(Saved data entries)
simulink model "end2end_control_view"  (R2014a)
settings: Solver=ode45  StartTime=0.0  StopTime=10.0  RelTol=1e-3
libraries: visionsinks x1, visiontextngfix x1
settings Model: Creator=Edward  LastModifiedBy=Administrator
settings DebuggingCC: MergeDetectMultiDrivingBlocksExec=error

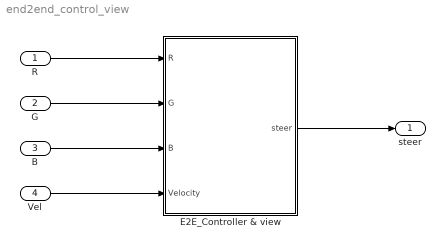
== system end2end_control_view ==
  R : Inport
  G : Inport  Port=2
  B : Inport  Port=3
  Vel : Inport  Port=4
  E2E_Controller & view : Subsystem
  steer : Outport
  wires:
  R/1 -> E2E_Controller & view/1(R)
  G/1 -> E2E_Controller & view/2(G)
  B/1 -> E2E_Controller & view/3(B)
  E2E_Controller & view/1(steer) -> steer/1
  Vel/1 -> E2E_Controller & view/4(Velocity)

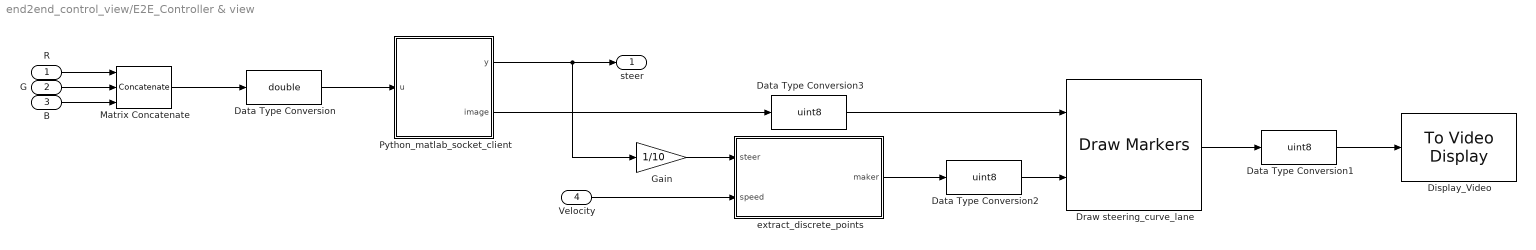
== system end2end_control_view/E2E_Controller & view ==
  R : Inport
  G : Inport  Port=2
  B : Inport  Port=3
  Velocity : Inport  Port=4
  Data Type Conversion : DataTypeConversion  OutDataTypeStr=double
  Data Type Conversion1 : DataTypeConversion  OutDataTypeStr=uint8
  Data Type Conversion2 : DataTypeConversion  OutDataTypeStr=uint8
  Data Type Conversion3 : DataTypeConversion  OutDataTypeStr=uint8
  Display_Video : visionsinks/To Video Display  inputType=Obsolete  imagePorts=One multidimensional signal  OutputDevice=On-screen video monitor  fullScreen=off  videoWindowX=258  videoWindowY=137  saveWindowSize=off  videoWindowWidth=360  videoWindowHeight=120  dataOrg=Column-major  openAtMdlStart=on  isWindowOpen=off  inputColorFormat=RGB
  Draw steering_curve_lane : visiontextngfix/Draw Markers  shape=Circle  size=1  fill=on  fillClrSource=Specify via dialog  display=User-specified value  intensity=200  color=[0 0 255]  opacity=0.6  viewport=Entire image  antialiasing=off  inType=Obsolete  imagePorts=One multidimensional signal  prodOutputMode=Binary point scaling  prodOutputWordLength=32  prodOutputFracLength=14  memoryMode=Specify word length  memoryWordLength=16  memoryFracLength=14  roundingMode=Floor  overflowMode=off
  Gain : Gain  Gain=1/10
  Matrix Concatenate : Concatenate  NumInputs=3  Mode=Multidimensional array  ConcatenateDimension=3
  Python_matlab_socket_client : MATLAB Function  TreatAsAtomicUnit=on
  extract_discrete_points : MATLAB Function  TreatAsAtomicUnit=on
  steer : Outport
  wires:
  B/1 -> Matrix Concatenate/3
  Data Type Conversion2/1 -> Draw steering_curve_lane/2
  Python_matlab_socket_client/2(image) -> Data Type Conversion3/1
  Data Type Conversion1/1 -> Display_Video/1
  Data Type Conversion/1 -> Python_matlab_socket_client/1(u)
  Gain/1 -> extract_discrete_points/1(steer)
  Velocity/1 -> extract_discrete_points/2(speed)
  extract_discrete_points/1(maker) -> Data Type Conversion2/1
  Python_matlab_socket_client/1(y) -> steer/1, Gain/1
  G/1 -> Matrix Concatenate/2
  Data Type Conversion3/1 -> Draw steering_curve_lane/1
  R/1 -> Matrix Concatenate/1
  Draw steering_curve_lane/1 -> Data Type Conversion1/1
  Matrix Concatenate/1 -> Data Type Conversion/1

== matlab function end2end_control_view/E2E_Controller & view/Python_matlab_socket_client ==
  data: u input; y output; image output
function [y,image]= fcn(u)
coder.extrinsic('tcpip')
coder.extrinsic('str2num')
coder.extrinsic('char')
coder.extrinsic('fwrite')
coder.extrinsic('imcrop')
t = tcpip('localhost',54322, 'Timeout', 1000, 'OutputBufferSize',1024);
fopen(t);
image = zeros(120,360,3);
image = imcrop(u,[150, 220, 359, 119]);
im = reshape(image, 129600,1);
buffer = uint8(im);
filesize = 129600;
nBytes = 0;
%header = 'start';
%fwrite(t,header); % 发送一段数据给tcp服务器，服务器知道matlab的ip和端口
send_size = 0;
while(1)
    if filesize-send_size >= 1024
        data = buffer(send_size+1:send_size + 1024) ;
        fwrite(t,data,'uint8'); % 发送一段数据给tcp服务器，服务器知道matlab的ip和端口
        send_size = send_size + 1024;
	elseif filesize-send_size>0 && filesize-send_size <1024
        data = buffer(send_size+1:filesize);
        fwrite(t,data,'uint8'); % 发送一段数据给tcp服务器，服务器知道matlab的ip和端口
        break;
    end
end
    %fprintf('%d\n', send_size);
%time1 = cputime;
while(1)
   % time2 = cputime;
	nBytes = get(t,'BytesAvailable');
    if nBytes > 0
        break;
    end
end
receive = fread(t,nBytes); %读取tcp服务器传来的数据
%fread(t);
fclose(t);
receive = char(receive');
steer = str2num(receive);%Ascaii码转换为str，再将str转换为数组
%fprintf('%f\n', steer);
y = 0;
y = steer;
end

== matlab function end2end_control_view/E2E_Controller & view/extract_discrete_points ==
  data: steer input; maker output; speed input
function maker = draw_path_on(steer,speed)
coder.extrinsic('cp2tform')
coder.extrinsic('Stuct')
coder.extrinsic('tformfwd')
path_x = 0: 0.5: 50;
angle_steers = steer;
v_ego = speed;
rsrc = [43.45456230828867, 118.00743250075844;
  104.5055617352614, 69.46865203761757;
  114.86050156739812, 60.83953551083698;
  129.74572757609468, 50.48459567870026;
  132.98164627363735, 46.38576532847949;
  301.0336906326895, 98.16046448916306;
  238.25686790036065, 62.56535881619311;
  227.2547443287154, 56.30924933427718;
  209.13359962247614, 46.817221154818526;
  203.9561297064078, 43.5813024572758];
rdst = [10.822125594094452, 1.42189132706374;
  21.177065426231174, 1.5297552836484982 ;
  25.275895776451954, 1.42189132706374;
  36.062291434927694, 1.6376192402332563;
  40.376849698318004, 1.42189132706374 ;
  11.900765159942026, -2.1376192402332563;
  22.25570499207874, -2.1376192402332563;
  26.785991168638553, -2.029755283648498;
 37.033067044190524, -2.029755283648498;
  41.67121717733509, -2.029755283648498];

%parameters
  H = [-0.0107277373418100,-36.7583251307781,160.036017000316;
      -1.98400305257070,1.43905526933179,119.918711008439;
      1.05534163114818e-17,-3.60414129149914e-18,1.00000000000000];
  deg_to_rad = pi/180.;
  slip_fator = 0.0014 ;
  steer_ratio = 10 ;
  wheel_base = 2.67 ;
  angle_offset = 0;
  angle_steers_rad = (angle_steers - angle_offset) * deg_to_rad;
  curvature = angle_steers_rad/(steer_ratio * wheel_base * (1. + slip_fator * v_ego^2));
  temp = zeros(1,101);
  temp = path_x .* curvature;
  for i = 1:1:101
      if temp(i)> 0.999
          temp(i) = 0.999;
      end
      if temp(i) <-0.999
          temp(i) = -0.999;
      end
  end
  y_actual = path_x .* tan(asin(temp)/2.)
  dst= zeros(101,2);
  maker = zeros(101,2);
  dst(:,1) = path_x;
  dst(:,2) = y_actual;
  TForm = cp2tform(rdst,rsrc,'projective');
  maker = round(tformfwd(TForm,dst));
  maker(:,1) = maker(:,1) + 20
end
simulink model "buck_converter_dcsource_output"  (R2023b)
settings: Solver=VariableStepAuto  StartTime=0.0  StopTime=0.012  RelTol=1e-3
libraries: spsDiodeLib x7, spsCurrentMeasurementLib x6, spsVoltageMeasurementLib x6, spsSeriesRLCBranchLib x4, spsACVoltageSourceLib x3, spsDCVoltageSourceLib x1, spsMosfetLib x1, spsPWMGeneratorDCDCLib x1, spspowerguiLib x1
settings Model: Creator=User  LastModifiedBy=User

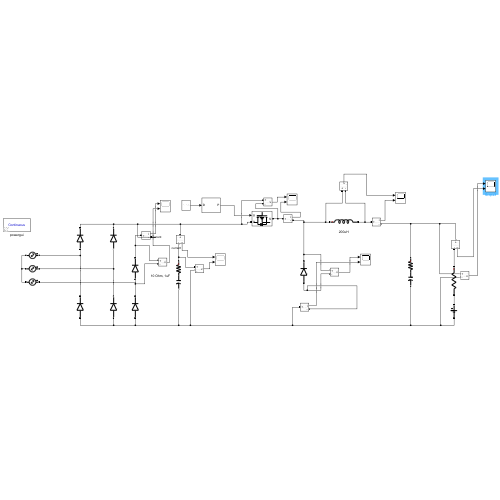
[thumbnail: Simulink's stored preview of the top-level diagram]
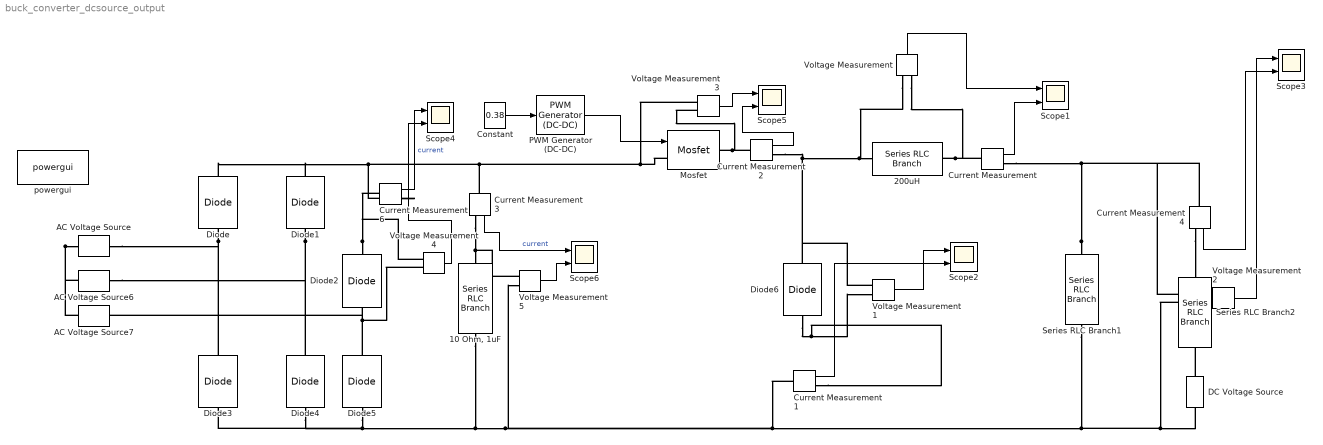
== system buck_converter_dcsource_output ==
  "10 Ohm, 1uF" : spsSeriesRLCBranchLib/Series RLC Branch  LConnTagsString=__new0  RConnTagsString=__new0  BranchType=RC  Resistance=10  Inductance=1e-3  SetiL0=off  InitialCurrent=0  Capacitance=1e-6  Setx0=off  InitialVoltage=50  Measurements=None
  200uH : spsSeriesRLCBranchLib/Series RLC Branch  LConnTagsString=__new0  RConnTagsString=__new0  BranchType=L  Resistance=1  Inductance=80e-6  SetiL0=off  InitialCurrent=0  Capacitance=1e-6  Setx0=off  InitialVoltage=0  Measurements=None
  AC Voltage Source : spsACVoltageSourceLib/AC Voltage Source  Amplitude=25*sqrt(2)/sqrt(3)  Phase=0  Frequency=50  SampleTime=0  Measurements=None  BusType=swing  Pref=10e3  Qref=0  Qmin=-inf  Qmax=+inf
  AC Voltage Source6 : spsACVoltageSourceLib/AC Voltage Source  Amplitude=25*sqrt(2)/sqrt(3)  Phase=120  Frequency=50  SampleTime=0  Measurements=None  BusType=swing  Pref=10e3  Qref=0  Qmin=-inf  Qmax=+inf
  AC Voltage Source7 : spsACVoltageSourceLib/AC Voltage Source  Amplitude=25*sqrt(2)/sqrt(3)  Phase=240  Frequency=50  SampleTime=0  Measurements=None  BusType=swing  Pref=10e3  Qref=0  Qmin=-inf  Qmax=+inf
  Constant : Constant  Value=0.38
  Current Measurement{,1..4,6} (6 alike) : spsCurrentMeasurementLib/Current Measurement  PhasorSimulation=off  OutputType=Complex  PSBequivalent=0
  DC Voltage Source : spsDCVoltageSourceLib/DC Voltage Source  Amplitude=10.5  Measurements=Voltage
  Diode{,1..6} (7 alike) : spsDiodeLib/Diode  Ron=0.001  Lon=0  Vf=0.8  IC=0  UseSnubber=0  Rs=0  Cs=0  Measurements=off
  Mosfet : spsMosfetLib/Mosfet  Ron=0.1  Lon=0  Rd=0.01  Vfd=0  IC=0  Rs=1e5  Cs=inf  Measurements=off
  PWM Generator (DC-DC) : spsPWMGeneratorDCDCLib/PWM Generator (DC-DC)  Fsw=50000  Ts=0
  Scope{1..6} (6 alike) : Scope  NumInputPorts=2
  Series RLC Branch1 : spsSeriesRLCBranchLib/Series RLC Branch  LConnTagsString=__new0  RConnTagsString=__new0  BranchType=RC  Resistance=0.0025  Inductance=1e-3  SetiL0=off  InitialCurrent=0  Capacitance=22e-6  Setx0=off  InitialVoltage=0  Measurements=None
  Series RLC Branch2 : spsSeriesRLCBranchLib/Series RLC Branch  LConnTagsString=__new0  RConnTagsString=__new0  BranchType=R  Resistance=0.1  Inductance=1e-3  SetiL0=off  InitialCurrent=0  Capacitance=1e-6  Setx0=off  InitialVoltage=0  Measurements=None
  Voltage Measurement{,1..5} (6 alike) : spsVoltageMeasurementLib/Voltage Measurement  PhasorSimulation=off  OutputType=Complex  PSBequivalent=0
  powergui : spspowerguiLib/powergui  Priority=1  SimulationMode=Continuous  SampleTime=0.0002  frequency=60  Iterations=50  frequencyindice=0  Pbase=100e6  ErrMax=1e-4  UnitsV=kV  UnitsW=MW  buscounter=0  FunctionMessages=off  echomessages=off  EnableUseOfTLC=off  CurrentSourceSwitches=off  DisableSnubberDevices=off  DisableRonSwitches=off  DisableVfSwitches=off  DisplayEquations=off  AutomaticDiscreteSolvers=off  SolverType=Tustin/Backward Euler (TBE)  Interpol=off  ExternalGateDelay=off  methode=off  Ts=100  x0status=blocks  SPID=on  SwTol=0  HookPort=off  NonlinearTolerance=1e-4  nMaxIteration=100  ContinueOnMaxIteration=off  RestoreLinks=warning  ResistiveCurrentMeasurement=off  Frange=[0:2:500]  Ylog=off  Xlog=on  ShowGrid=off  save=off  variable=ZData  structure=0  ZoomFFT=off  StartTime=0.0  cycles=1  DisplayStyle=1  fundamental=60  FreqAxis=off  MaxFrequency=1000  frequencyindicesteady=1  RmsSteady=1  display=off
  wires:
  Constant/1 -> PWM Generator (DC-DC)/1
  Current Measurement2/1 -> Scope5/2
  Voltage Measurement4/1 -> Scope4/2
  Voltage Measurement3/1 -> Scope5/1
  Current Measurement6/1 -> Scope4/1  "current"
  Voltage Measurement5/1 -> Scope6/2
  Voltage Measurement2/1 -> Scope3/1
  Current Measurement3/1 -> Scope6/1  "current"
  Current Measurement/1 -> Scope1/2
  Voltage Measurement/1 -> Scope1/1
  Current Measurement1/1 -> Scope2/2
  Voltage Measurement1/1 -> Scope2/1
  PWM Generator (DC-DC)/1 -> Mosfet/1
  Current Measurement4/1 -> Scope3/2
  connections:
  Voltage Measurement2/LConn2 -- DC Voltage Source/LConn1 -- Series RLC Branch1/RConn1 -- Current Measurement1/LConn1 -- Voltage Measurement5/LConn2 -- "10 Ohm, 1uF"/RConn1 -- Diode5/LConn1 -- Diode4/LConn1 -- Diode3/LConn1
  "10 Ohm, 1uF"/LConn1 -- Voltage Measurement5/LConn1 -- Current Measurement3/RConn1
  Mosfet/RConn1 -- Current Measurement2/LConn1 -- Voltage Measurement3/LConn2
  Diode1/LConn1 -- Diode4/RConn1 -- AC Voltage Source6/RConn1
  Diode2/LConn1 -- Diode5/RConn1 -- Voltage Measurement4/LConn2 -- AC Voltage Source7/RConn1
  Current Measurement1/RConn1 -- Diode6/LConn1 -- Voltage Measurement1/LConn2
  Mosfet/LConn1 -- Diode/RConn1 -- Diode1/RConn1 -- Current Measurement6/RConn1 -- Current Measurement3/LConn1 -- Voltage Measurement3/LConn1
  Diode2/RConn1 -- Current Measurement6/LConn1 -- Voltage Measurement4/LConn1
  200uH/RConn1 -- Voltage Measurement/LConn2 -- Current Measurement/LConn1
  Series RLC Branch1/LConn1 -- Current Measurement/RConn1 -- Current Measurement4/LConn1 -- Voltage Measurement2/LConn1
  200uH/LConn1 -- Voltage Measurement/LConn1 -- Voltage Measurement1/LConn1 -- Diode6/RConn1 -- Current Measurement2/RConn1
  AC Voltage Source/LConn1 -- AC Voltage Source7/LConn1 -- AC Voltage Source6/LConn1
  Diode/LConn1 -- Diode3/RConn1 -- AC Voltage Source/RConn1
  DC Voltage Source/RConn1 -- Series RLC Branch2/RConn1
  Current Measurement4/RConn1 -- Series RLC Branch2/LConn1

[Try it] Please output exactly the lines of the data above, from its first line through the line with "B/1 -> E2E_Controller & view/3(B)", and nothing else; drop the pictures.

[Written answer]
simulink model "end2end_control_view"  (R2014a)
settings: Solver=ode45  StartTime=0.0  StopTime=10.0  RelTol=1e-3
libraries: visionsinks x1, visiontextngfix x1
settings Model: Creator=Edward  LastModifiedBy=Administrator
settings DebuggingCC: MergeDetectMultiDrivingBlocksExec=error

== system end2end_control_view ==
  R : Inport
  G : Inport  Port=2
  B : Inport  Port=3
  Vel : Inport  Port=4
  E2E_Controller & view : Subsystem
  steer : Outport
  wires:
  R/1 -> E2E_Controller & view/1(R)
  G/1 -> E2E_Controller & view/2(G)
  B/1 -> E2E_Controller & view/3(B)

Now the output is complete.